Using the records below, repeat exactly the lines from the one holding "#161=DIRECTION('',(0.,0.,1.));" through the one holding "#176=EDGE_CURVE('E166',#175,#166,#173,.T.);", both ends included, and no others.

» Extracted records:
§ §

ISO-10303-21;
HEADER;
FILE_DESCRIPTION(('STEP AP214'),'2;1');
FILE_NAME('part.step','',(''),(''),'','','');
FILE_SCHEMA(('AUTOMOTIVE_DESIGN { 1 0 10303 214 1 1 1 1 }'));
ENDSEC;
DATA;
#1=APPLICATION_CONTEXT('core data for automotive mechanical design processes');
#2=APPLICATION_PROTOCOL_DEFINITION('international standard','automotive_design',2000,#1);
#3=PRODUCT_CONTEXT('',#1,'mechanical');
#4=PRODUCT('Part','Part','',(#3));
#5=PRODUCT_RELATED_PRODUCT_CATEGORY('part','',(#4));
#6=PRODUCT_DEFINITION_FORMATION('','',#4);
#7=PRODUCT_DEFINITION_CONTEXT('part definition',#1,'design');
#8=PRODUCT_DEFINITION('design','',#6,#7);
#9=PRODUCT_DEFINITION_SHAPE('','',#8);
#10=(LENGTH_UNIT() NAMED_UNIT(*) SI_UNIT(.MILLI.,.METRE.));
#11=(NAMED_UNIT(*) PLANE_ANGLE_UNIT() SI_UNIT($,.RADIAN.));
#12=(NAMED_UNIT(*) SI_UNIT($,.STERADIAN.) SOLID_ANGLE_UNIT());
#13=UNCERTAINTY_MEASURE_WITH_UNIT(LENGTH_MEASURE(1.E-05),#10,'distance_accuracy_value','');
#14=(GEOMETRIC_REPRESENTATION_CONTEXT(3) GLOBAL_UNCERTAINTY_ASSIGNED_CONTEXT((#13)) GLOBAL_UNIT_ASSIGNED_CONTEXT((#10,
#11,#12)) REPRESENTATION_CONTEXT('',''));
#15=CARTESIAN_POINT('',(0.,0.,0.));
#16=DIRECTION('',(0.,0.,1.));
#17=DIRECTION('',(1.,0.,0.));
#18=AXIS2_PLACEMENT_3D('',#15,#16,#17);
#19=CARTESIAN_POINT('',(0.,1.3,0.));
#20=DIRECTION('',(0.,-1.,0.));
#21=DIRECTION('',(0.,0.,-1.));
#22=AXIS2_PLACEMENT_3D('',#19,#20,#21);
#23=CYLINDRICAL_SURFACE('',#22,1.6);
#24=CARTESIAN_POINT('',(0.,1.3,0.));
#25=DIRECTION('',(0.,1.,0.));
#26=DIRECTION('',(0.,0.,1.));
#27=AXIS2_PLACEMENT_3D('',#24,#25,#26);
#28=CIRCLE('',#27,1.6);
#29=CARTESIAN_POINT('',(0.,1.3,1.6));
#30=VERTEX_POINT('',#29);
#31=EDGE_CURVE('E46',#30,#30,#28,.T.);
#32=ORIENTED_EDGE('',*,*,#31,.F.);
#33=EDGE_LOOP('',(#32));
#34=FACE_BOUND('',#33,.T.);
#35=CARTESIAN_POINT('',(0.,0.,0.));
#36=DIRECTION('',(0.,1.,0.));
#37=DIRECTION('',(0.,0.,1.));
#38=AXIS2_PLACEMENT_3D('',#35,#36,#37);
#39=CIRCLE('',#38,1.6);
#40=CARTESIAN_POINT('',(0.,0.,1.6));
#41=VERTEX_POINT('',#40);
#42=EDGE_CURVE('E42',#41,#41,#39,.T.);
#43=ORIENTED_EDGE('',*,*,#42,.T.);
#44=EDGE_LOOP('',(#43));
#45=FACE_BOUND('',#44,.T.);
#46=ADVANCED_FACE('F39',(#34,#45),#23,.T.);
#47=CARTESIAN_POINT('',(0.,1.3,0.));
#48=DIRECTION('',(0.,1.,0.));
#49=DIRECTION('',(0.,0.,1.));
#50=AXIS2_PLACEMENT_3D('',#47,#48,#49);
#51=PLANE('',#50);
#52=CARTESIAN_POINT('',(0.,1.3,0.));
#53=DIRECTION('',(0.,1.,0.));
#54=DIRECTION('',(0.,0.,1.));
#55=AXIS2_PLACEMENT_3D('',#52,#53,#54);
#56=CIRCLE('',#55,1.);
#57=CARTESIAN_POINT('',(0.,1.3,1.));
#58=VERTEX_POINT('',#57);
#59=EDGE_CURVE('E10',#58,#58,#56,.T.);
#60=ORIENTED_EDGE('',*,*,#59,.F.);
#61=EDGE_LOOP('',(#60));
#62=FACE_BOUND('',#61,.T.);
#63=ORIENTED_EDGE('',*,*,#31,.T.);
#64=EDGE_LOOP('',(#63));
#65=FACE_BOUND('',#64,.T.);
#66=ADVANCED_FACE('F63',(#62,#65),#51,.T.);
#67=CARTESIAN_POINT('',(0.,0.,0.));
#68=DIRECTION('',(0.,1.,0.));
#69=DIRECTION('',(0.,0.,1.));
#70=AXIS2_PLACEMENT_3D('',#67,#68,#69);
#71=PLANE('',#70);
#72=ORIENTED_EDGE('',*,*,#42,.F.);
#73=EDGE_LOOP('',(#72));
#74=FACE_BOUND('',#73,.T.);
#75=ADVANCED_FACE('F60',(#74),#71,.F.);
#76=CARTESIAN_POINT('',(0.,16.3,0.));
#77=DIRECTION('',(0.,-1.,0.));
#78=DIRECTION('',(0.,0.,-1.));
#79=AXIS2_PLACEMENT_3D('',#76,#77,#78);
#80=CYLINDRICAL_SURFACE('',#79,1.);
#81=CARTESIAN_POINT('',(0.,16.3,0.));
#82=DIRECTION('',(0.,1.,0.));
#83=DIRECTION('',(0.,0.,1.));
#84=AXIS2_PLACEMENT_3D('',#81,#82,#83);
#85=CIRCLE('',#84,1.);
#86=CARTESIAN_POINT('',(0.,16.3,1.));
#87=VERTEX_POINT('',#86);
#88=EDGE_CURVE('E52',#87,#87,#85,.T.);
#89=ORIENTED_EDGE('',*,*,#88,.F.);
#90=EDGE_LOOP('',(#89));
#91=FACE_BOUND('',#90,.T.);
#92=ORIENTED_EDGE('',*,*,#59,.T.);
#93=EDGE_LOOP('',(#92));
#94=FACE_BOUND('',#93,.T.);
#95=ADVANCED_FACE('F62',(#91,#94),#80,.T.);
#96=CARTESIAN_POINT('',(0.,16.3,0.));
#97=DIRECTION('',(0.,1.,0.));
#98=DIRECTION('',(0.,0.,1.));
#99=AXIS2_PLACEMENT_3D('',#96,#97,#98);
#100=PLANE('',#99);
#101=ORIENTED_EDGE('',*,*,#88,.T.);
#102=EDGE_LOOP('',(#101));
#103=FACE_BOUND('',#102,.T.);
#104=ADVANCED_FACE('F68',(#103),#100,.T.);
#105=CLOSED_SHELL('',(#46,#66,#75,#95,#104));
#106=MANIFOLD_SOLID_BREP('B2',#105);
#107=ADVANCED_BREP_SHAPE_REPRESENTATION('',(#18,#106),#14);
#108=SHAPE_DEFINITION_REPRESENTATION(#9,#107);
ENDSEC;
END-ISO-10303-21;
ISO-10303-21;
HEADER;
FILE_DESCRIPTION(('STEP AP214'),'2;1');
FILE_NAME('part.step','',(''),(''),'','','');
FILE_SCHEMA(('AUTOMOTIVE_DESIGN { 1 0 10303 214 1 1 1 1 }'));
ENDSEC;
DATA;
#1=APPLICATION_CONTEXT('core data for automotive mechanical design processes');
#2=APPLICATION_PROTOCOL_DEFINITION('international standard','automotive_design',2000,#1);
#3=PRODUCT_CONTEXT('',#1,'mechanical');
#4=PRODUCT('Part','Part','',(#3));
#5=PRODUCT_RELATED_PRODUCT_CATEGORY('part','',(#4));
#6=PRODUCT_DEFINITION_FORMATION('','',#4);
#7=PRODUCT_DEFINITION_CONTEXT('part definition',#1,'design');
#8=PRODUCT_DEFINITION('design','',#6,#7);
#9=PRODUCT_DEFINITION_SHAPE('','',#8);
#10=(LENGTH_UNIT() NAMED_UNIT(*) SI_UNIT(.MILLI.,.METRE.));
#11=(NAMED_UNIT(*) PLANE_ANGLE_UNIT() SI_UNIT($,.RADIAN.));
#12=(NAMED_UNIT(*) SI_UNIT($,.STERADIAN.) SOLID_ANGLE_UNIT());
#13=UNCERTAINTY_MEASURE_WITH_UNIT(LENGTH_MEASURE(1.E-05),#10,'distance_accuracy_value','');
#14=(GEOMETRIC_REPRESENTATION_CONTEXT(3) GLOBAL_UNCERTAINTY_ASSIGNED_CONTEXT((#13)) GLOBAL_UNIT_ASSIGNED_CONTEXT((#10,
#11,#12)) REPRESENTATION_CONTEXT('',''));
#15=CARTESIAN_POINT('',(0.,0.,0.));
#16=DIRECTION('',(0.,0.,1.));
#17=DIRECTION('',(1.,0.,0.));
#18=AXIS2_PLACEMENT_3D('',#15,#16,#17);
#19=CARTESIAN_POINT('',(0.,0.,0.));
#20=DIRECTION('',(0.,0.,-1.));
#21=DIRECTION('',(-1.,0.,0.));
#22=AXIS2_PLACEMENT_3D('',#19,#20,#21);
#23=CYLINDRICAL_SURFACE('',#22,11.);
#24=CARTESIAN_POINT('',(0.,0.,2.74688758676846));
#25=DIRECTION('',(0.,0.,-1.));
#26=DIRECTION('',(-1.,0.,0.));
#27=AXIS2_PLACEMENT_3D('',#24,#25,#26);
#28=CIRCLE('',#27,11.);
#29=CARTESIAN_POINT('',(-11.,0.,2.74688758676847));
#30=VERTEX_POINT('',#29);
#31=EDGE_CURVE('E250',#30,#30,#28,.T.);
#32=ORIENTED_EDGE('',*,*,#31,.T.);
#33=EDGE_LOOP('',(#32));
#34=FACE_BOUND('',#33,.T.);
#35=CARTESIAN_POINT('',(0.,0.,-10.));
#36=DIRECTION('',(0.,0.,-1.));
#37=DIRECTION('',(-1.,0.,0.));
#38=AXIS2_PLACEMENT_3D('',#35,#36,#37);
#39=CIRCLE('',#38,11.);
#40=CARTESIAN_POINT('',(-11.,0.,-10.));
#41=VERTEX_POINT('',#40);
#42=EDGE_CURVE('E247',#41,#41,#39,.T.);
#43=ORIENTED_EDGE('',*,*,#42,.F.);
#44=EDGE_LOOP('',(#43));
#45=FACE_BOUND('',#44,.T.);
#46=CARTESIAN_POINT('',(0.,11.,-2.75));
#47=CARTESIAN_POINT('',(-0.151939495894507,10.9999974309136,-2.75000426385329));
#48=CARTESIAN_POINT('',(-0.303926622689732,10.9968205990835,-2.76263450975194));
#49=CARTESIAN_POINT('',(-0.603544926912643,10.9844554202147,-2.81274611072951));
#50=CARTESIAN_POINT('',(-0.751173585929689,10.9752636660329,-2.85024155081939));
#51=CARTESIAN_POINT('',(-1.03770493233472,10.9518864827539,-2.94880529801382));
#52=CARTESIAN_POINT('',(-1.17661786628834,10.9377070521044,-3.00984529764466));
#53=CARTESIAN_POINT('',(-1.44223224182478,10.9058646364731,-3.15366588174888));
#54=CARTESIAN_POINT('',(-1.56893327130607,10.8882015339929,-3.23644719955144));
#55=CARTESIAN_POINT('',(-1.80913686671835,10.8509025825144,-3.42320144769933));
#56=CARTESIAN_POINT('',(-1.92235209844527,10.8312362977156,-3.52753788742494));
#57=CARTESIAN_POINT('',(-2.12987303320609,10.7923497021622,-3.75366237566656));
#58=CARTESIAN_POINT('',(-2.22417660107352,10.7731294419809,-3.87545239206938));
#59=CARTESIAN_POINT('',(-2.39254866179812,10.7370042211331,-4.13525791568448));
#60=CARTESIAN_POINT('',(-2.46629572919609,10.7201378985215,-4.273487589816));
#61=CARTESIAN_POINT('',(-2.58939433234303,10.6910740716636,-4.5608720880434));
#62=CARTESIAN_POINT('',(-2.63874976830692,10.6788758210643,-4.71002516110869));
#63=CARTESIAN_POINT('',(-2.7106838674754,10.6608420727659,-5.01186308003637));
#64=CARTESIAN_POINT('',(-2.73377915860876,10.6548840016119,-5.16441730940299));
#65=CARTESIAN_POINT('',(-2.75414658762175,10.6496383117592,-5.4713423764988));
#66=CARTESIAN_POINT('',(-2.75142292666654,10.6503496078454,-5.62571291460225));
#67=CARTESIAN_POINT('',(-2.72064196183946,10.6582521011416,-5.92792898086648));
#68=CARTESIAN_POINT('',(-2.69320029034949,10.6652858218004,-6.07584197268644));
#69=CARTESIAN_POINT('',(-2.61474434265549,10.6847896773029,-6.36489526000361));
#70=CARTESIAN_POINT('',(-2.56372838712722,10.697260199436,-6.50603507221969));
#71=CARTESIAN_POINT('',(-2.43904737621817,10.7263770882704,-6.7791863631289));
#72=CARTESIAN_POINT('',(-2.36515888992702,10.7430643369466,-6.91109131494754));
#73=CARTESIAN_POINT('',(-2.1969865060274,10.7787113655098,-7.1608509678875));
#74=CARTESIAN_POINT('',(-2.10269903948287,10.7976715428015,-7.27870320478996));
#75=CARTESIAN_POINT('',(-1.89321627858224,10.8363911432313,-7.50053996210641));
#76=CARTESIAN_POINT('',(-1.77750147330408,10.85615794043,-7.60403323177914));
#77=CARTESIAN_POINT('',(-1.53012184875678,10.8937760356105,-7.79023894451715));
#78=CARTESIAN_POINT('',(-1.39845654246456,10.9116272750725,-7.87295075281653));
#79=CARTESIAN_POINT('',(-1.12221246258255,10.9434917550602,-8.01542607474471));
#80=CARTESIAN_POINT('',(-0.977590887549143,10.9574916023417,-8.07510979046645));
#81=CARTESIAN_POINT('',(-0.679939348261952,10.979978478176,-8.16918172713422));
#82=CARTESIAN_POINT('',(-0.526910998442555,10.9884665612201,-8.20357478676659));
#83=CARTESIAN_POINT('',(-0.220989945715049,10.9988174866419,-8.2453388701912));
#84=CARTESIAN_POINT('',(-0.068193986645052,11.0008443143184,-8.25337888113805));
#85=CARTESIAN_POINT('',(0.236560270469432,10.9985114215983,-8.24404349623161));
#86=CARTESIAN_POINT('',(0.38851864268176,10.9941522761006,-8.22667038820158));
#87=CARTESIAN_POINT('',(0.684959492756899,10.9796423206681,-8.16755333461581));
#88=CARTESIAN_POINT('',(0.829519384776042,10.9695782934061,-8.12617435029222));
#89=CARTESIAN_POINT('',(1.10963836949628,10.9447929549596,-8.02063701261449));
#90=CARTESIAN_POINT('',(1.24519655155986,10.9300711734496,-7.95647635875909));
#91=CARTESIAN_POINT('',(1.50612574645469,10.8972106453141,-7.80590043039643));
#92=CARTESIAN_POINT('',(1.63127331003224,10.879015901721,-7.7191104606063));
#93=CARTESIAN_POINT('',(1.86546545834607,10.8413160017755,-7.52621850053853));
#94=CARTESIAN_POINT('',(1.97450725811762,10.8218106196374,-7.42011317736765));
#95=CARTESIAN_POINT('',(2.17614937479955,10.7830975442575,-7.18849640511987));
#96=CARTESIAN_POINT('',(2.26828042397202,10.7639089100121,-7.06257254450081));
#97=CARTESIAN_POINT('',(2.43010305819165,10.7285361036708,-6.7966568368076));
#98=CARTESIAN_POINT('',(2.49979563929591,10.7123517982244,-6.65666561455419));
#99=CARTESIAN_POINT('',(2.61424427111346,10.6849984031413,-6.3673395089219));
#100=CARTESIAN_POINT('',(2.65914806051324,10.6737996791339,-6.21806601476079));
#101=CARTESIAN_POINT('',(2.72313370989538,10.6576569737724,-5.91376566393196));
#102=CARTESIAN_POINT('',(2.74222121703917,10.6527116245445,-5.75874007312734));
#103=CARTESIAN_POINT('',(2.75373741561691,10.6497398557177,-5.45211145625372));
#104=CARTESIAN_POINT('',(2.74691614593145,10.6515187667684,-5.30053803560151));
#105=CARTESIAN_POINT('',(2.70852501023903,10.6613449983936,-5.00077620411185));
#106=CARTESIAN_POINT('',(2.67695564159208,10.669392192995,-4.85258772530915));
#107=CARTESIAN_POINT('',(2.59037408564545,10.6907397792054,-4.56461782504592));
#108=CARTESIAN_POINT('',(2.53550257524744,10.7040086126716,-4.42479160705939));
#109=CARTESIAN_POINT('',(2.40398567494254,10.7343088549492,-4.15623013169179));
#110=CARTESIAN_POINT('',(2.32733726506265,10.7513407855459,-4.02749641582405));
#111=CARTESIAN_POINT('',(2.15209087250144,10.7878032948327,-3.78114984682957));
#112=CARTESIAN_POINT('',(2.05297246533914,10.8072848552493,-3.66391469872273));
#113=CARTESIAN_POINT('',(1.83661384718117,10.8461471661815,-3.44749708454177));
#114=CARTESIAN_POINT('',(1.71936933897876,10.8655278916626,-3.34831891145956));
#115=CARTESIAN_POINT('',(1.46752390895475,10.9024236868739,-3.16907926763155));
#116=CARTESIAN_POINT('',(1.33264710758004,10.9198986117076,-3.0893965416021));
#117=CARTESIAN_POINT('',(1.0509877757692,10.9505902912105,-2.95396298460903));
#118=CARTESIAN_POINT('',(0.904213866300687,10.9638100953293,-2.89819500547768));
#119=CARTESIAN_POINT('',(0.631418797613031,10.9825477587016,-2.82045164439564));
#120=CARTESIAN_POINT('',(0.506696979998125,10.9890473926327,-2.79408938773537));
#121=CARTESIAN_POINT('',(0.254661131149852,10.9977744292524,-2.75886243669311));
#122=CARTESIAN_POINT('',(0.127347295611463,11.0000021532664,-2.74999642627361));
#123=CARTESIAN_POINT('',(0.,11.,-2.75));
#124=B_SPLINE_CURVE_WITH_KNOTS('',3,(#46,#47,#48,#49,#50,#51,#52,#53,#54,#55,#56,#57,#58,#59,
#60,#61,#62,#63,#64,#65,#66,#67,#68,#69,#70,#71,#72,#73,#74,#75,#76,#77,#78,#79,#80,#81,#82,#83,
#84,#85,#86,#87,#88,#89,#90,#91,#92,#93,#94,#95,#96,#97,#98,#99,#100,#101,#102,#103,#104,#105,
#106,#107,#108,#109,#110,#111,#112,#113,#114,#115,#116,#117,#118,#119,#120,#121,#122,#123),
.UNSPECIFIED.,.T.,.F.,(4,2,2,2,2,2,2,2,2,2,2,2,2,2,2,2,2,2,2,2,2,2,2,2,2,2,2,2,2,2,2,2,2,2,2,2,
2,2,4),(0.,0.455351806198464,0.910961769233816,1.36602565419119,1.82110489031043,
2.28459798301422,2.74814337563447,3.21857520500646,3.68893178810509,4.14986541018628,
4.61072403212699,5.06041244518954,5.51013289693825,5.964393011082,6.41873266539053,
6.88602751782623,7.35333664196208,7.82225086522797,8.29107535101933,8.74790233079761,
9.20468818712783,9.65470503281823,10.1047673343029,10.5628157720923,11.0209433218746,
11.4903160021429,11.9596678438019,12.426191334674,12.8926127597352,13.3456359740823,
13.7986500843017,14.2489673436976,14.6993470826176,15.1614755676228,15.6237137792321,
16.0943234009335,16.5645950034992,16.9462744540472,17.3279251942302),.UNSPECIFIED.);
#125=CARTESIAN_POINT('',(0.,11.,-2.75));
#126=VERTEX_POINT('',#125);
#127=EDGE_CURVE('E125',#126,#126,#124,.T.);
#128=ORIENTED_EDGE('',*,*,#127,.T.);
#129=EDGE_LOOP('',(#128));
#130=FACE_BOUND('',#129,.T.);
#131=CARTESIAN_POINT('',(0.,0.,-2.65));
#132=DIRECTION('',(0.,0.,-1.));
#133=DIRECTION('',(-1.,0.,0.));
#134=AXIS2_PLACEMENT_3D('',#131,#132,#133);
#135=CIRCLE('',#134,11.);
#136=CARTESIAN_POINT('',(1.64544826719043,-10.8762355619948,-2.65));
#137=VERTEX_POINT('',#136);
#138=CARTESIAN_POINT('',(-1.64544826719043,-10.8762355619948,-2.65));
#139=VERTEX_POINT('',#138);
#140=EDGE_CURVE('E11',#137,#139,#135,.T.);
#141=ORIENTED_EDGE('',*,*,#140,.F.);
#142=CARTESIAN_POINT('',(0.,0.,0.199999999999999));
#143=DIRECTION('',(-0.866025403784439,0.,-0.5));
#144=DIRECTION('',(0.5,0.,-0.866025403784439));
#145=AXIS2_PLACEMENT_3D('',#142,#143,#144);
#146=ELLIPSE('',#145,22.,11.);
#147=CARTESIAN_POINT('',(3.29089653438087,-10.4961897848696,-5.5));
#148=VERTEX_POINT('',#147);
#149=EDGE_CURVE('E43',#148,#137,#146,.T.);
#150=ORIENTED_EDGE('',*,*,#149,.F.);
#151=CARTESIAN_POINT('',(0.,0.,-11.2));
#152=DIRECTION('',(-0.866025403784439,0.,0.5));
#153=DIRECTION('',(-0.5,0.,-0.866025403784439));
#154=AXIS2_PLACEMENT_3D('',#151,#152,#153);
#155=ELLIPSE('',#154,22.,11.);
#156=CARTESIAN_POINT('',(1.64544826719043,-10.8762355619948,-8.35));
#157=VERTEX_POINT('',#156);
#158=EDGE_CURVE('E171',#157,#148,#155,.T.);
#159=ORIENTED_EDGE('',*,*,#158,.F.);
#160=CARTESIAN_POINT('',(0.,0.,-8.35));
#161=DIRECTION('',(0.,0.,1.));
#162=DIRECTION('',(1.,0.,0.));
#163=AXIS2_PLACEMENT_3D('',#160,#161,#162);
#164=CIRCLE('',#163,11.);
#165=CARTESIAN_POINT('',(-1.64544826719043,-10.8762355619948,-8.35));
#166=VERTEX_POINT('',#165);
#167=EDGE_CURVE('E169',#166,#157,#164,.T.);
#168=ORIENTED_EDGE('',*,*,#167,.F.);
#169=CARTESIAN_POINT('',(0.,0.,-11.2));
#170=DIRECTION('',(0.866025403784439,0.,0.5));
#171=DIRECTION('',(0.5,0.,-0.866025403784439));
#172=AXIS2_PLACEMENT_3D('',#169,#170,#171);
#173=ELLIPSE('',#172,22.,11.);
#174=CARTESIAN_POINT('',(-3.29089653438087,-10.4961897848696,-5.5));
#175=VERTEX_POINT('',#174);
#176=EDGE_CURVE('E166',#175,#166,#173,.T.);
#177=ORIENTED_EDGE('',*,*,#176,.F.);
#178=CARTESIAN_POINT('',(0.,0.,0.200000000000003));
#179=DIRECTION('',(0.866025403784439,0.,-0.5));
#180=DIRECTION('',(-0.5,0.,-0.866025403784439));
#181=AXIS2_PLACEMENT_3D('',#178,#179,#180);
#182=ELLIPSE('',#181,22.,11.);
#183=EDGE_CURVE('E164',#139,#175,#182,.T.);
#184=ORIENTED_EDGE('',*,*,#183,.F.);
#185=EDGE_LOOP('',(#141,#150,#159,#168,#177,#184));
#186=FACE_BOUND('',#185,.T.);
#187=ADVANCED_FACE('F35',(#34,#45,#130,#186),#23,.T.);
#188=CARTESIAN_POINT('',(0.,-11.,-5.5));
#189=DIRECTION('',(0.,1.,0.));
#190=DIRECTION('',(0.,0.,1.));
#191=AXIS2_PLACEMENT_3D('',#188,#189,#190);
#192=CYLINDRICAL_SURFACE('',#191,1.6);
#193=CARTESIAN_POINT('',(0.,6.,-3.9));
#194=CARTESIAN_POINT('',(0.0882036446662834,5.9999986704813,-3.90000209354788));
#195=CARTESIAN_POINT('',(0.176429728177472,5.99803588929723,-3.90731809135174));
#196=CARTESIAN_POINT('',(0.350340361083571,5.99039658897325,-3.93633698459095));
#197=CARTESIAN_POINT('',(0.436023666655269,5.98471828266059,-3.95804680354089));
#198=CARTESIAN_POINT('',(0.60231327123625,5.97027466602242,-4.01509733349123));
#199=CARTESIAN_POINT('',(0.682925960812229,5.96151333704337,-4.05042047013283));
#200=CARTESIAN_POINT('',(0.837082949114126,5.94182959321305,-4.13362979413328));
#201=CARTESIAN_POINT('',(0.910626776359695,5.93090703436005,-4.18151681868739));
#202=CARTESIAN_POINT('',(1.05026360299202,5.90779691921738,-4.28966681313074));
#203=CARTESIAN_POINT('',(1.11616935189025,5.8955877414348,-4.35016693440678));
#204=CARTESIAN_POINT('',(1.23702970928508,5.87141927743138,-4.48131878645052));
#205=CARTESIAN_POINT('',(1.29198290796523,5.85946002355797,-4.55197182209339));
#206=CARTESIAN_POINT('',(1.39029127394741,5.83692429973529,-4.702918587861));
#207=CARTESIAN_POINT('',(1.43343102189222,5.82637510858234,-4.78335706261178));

§ §

» RESPONSE AREA:
#161=DIRECTION('',(0.,0.,1.));
#162=DIRECTION('',(1.,0.,0.));
#163=AXIS2_PLACEMENT_3D('',#160,#161,#162);
#164=CIRCLE('',#163,11.);
#165=CARTESIAN_POINT('',(-1.64544826719043,-10.8762355619948,-8.35));
#166=VERTEX_POINT('',#165);
#167=EDGE_CURVE('E169',#166,#157,#164,.T.);
#168=ORIENTED_EDGE('',*,*,#167,.F.);
#169=CARTESIAN_POINT('',(0.,0.,-11.2));
#170=DIRECTION('',(0.866025403784439,0.,0.5));
#171=DIRECTION('',(0.5,0.,-0.866025403784439));
#172=AXIS2_PLACEMENT_3D('',#169,#170,#171);
#173=ELLIPSE('',#172,22.,11.);
#174=CARTESIAN_POINT('',(-3.29089653438087,-10.4961897848696,-5.5));
#175=VERTEX_POINT('',#174);
#176=EDGE_CURVE('E166',#175,#166,#173,.T.);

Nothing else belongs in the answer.